# Anyone living abroad?



## Spaykay (Nov 29, 2006)

Hi there

I live in Madrid and although there's lots of people who travel for treatment, I'd be interested in chatting to anyone who actually lives abroad, I get a little lonely  . 

Kay xxx


----------



## abbyabroad (Mar 15, 2005)

Hi SpayKay,

I live abroad too. I'n China, but orginally from Scotland. Been out here for about 3 years. There was an expats thread going a wee while ago, but it seems to have died a death. maybe it's time to resurect it?

Love
Abby
x


----------



## abbyabroad (Mar 15, 2005)

Here's the expat chat thread :
http://www.fertilityfriends.co.uk/forum/index.php?topic=61645.0

Just bumped it. Hopefully that will get it going again.

Love
Abby
x


----------



## cheekychops (Jun 19, 2006)

Hi Kay, Just read this after replying to your other.
Any time you want a chat heres my mail address ************
I now how you feel it can get lonley living abroad, I live in Spain too, near Malaga.

So any time.

Sarah
xx

*Email address removed to protect member identity - Moderator*


----------



## Spaykay (Nov 29, 2006)

cheers Sarah


----------



## slinkyfish (Jan 17, 2007)

Hi, 

I live in Shanghai, China.
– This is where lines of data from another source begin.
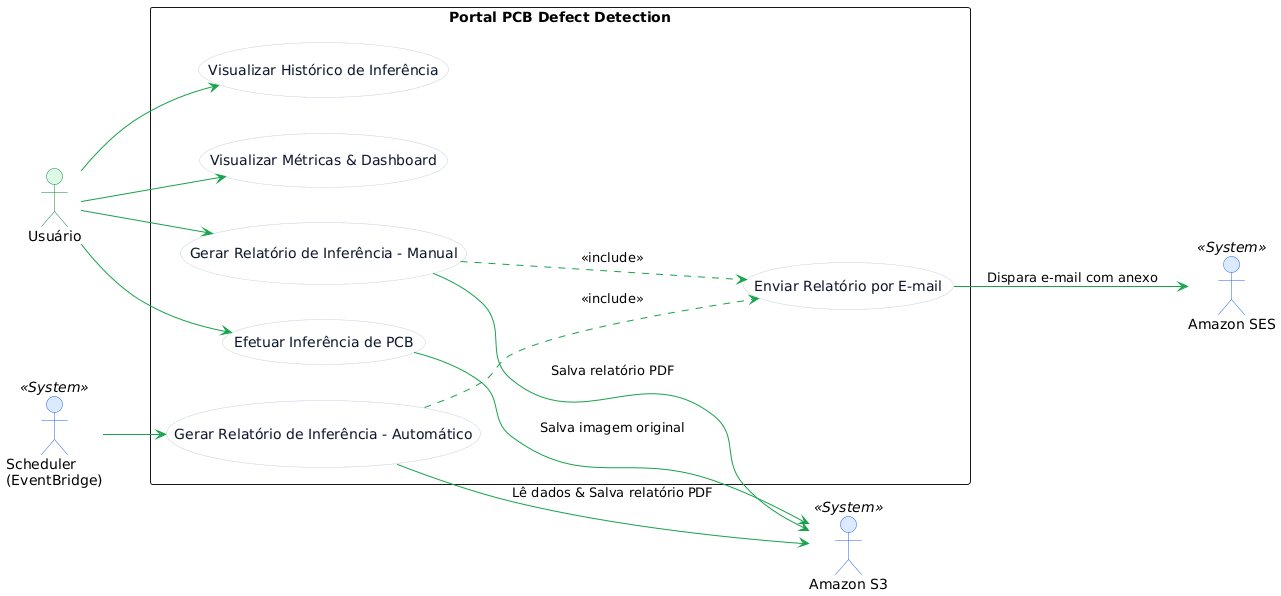

The diagram above was rendered by PlantUML. Its source (embedded in the PNG):
@startuml
left to right direction
skinparam packageStyle rectangle
skinparam shadowing false

' Cores limpas e elegantes (Verde PCB e Azul AWS)
skinparam BackgroundColor #FFFFFF
skinparam ArrowColor #16A34A

' Atores Principais
skinparam ActorBorderColor #15803D
skinparam ActorBackgroundColor #DCFCE7

' Atores do Sistema / Nuvem
skinparam ActorBorderColor<<System>> #2563EB
skinparam ActorBackgroundColor<<System>> #DBEAFE

' Casos de Uso
skinparam UseCaseBorderColor #CBD5E1
skinparam UseCaseBackgroundColor #F8FAFC
skinparam UseCaseFontColor #0F172A

actor "Usuário" as User
actor "Scheduler\n(EventBridge)" as EventBridge << System >>
actor "Amazon S3" as S3 << System >>
actor "Amazon SES" as SES << System >>

rectangle "Portal PCB Defect Detection" {
    usecase "Efetuar Inferência de PCB" as UC_Inference
    usecase "Visualizar Histórico de Inferência" as UC_History
    usecase "Visualizar Métricas & Dashboard" as UC_Metrics
    usecase "Gerar Relatório de Inferência - Manual" as UC_ManualReport
    usecase "Gerar Relatório de Inferência - Automático" as UC_AutoReport
    usecase "Enviar Relatório por E-mail" as UC_Email
}

' ==========================================
' Associações do Usuário (Casos de Uso Principais)
' ==========================================
User --> UC_Inference
User --> UC_History
User --> UC_Metrics
User --> UC_ManualReport

' ==========================================
' Associações do Agendador (Geração Automática)
' ==========================================
EventBridge --> UC_AutoReport

' ==========================================
' Relações entre Casos de Uso
' ==========================================
UC_ManualReport ..> UC_Email : <<include>>
UC_AutoReport ..> UC_Email : <<include>>

' ==========================================
' Associações com Sistemas Secundários (Nuvem)
' ==========================================
UC_Inference --> S3 : Salva imagem original
UC_ManualReport --> S3 : Salva relatório PDF
UC_AutoReport --> S3 : Lê dados & Salva relatório PDF
UC_Email --> SES : Dispara e-mail com anexo
@enduml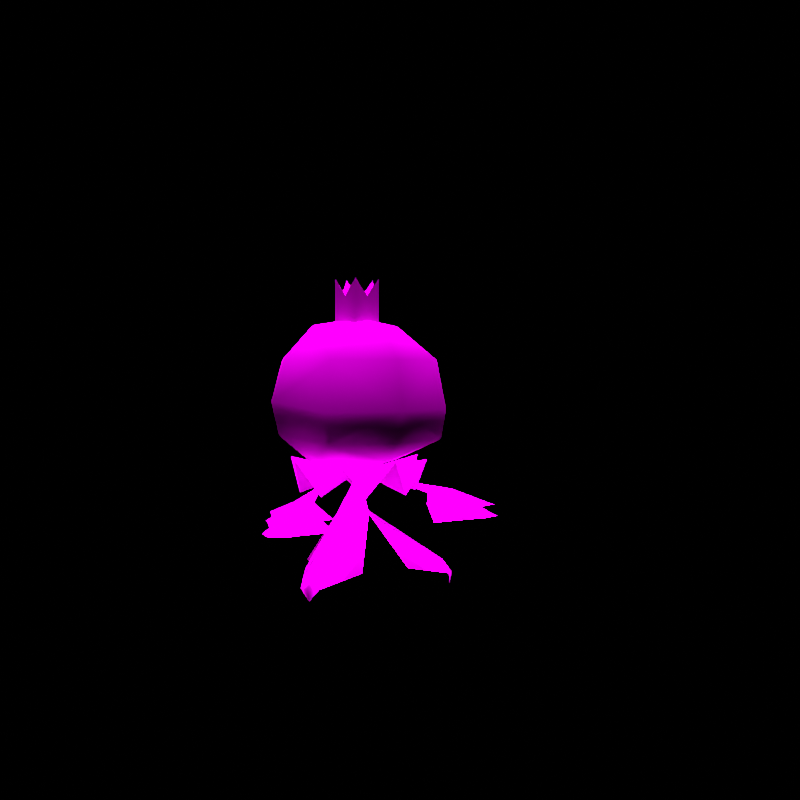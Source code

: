 # Source: rumble-frillish.blend  (saved by Blender 3.6.11; exported with 4.5.12 LTS)
import bpy
from mathutils import Matrix  # noqa: F401  (used for matrix-valued properties, if any)

bpy.ops.wm.read_factory_settings(use_empty=True)
scene = bpy.context.scene
scene.name = 'regice'

# ---- collections
col_don_t_render_me = bpy.data.collections.new("Don't Render Me"); scene.collection.children.link(col_don_t_render_me)

# ---- images (referenced by path relative to the original .blend; pixels are not part of the script)
import os
ASSET_DIR = os.environ.get("B2B_ASSET_DIR", "")  # directory of the original .blend (textures are referenced by path, not embedded)
HERE = os.path.dirname(os.path.abspath(__file__))  # packed textures are extracted next to this script under _unpacked/

def load_image(name, relpath, width, height, colorspace="sRGB"):
    """Load a texture the original file referenced (path relative to the .blend, or extracted next to this script)."""
    p = next((c for c in (os.path.join(HERE, relpath), os.path.join(ASSET_DIR, relpath)) if relpath and os.path.exists(c)), "")
    if p:
        img = bpy.data.images.load(p, check_existing=True)
        img.name = name
    else:  # same state as the original file: an image datablock whose file is absent (Cycles renders it pink)
        img = bpy.data.images.new(name, width, height)
        img.source = "FILE"
        img.filepath = "//" + (relpath or name)
    img.colorspace_settings.name = colorspace
    return img
img_pururiru_m_body_c_png = load_image('PURURIRU_M_body_C.png', 'PURURIRU_M_body_C.png', 1024, 1024, 'sRGB')
img_pururiru_m_eye_c_png = load_image('PURURIRU_M_eye_C.png', 'PURURIRU_M_eye_C.png', 1024, 1024, 'sRGB')

# ---- materials (node trees are filled in below, after node groups)
mat_pii_pururiru_m_body_png = bpy.data.materials.new('Pii_PURURIRU_M_body.png')
mat_pii_pururiru_m_body_png.use_transparent_shadow = False
mat_pii_pururiru_m_body_png.diffuse_color = (0.5, 0.5, 0.5, 1.0)
mat_pii_pururiru_m_body_png.roughness = 0.5528
mat_pii_pururiru_m_body_png.specular_intensity = 1.0
mat_pii_pururiru_m_eye_png = bpy.data.materials.new('Pii_PURURIRU_M_eye.png')
mat_pii_pururiru_m_eye_png.use_transparent_shadow = False
mat_pii_pururiru_m_eye_png.diffuse_color = (0.5, 0.5, 0.5, 1.0)
mat_pii_pururiru_m_eye_png.roughness = 0.5528
mat_pii_pururiru_m_eye_png.specular_intensity = 1.0

# ---- material node trees
mat_pii_pururiru_m_body_png.use_nodes = True; mat_pii_pururiru_m_body_png.node_tree.nodes.clear()
_N = mat_pii_pururiru_m_body_png.node_tree.nodes; _L = mat_pii_pururiru_m_body_png.node_tree.links
n0 = _N.new('ShaderNodeOutputMaterial'); n0.name = 'Material Output'; n0.location = (300, 300)
n1 = _N.new('ShaderNodeBsdfPrincipled'); n1.name = 'Principled BSDF'; n1.location = (10, 300)
n1.distribution = 'GGX'
n1.subsurface_method = 'BURLEY'
n1.inputs[2].default_value = 0.0
n1.inputs[3].default_value = 1.45
n1.inputs[13].default_value = 0.0
n1.inputs[27].default_value = (0.0, 0.0, 0.0, 1.0)
n1.inputs[28].default_value = 1.0
n2 = _N.new('ShaderNodeTexImage'); n2.name = 'Image Texture'; n2.location = (-300, 600)
n2.image = img_pururiru_m_body_c_png
n2.interpolation = 'Closest'
n2.extension = 'MIRROR'
_L.new(n1.outputs[0], n0.inputs[0])
_L.new(n2.outputs[0], n1.inputs[0])
n0.is_active_output = True
mat_pii_pururiru_m_eye_png.use_nodes = True; mat_pii_pururiru_m_eye_png.node_tree.nodes.clear()
_N = mat_pii_pururiru_m_eye_png.node_tree.nodes; _L = mat_pii_pururiru_m_eye_png.node_tree.links
n0 = _N.new('ShaderNodeOutputMaterial'); n0.name = 'Material Output'; n0.location = (300, 300)
n1 = _N.new('ShaderNodeBsdfPrincipled'); n1.name = 'Principled BSDF'; n1.location = (10, 300)
n1.distribution = 'GGX'
n1.subsurface_method = 'BURLEY'
n1.inputs[2].default_value = 0.0
n1.inputs[3].default_value = 1.45
n1.inputs[13].default_value = 0.0
n1.inputs[27].default_value = (0.0, 0.0, 0.0, 1.0)
n1.inputs[28].default_value = 1.0
n2 = _N.new('ShaderNodeTexImage'); n2.name = 'Image Texture'; n2.location = (-300, 600)
n2.image = img_pururiru_m_eye_c_png
n2.interpolation = 'Closest'
n2.extension = 'MIRROR'
_L.new(n1.outputs[0], n0.inputs[0])
_L.new(n2.outputs[0], n1.inputs[0])
n0.is_active_output = True

# ---- world
world_world = bpy.data.worlds.new('World'); scene.world = world_world
world_world.use_nodes = True; world_world.node_tree.nodes.clear()
_N = world_world.node_tree.nodes; _L = world_world.node_tree.links
n0 = _N.new('ShaderNodeOutputWorld'); n0.name = 'World Output'; n0.location = (300, 300)
n1 = _N.new('ShaderNodeBackground'); n1.name = 'Background'; n1.location = (10, 300)
n1.inputs[0].default_value = (0.05088, 0.05088, 0.05088, 1.0)
n1.inputs[1].default_value = 0.0
_L.new(n1.outputs[0], n0.inputs[0])
n0.is_active_output = True
world_world.color = (0.05088, 0.05088, 0.05088)
world_world.use_sun_shadow = False
world_world.sun_shadow_jitter_overblur = 0.0

# ---- cameras
cam_camera = bpy.data.cameras.new('Camera')
cam_camera.clip_end = 2e+04

# ---- lights
light_sun = bpy.data.lights.new('Sun', 'SUN')
light_sun.specular_factor = 0.0
light_sun.transmission_factor = 0.0
light_sun.use_shadow = False
light_sun.angle = 0.7854
light_sun.energy = 5.0
light_sun.shadow_soft_size = 0.25

# ---- meshes
me_pururiru_m = bpy.data.meshes.new('PURURIRU_M')
me_pururiru_m.from_pydata([(0.0, 2.177e-08, 0.2883), (0.1273, 0.1273, 0.3253), (0.1369, 0.05673, 0.2369), (0.05673, 0.1369, 0.2369), (0.18, 2.456e-08, 0.3253), (0.0, 0.18, 0.3253), (0.1369, -0.05673, 0.2369), (-0.05673, 0.1369, 0.2369), (0.1273, -0.1273, 0.3253), (-0.1273, 0.1273, 0.3253), (0.05673, -0.1369, 0.2369), (-0.1369, 0.05673, 0.2369), (0.0, -0.18, 0.3253), (-0.18, 2.456e-08, 0.3253), (-0.05673, -0.1369, 0.2369), (-0.1369, -0.05673, 0.2369), (-0.1273, -0.1273, 0.3253), (0.0, 2.177e-08, 0.2883), (0.1369, 0.05673, 0.2369), (0.1273, 0.1273, 0.3253), (0.0, 5.153e-08, 0.6825), (-0.05495, 0.01786, 0.7758), (-0.04446, -0.01445, 0.7302), (-0.02748, 0.03782, 0.7302), (-0.03396, -0.04675, 0.7758), (0.0, 0.05778, 0.7758), (0.0, -0.04675, 0.7302), (0.02748, 0.03782, 0.7302), (0.03396, -0.04675, 0.7758), (0.05495, 0.01786, 0.7758), (0.04446, -0.01445, 0.7302), (-0.2277, -0.09278, 0.2403), (-0.2443, 0.006472, 0.2049), (-0.2743, -0.07036, 0.1994), (-0.1892, -0.03601, 0.2318), (-0.3137, -0.1116, 0.202), (-0.09636, 2.006e-08, 0.2657), (-0.3178, -0.1544, 0.1989), (-0.1625, -0.07293, 0.2287), (-0.2758, -0.1641, 0.1976), (-0.1419, -0.1352, 0.1932), (-0.2245, -0.1393, 0.1937), (-0.2294, -0.09328, 0.2315), (-0.2477, 0.01365, 0.1754), (-0.2797, -0.06831, 0.1696), (-0.1889, -0.03167, 0.2041), (-0.3218, -0.1123, 0.1723), (-0.1745, -0.05466, 0.2439), (-0.3261, -0.158, 0.1691), (-0.1605, -0.07104, 0.2008), (-0.2813, -0.1683, 0.1677), (-0.1385, -0.1375, 0.1629), (-0.2266, -0.1419, 0.1635), (-0.2277, -0.09278, 0.2403), (-0.2743, -0.07036, 0.1994), (-0.2443, 0.006472, 0.2049), (-0.2294, -0.09328, 0.2315), (-0.2797, -0.06831, 0.1696), (-0.2477, 0.01365, 0.1754), (0.2277, -0.09278, 0.2403), (0.2743, -0.07036, 0.1994), (0.2443, 0.006472, 0.2049), (0.3137, -0.1116, 0.202), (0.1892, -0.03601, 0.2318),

Been out here for a year so far.
I've just found this website (I'm a bit slow, I know) I had ICSI in the UK at the ARGC so am watching the internet with interest and annoyance at the moment!
I have a little girl from my first attempt at ICSI. Her name is Megan and she's now 4 (and desperate for a little sister!). I then had a failed FET. I was thinking about having treatment out here but a bit scared (hospitals out here haven't seemed too good so far...), so think I'm going to wait till I get back to the UK in a years time. Bit of a long time away, I know and the clock is ticking.....


----------



## mayve (Oct 31, 2006)

Hi Girls -

Can I join too? I've been in Italy for about 15 years (can't believe it -- it was supposed to be a 1 year event) and now I have an Italian DH so I guess I'm here to stay! (I'm American, but can I still join)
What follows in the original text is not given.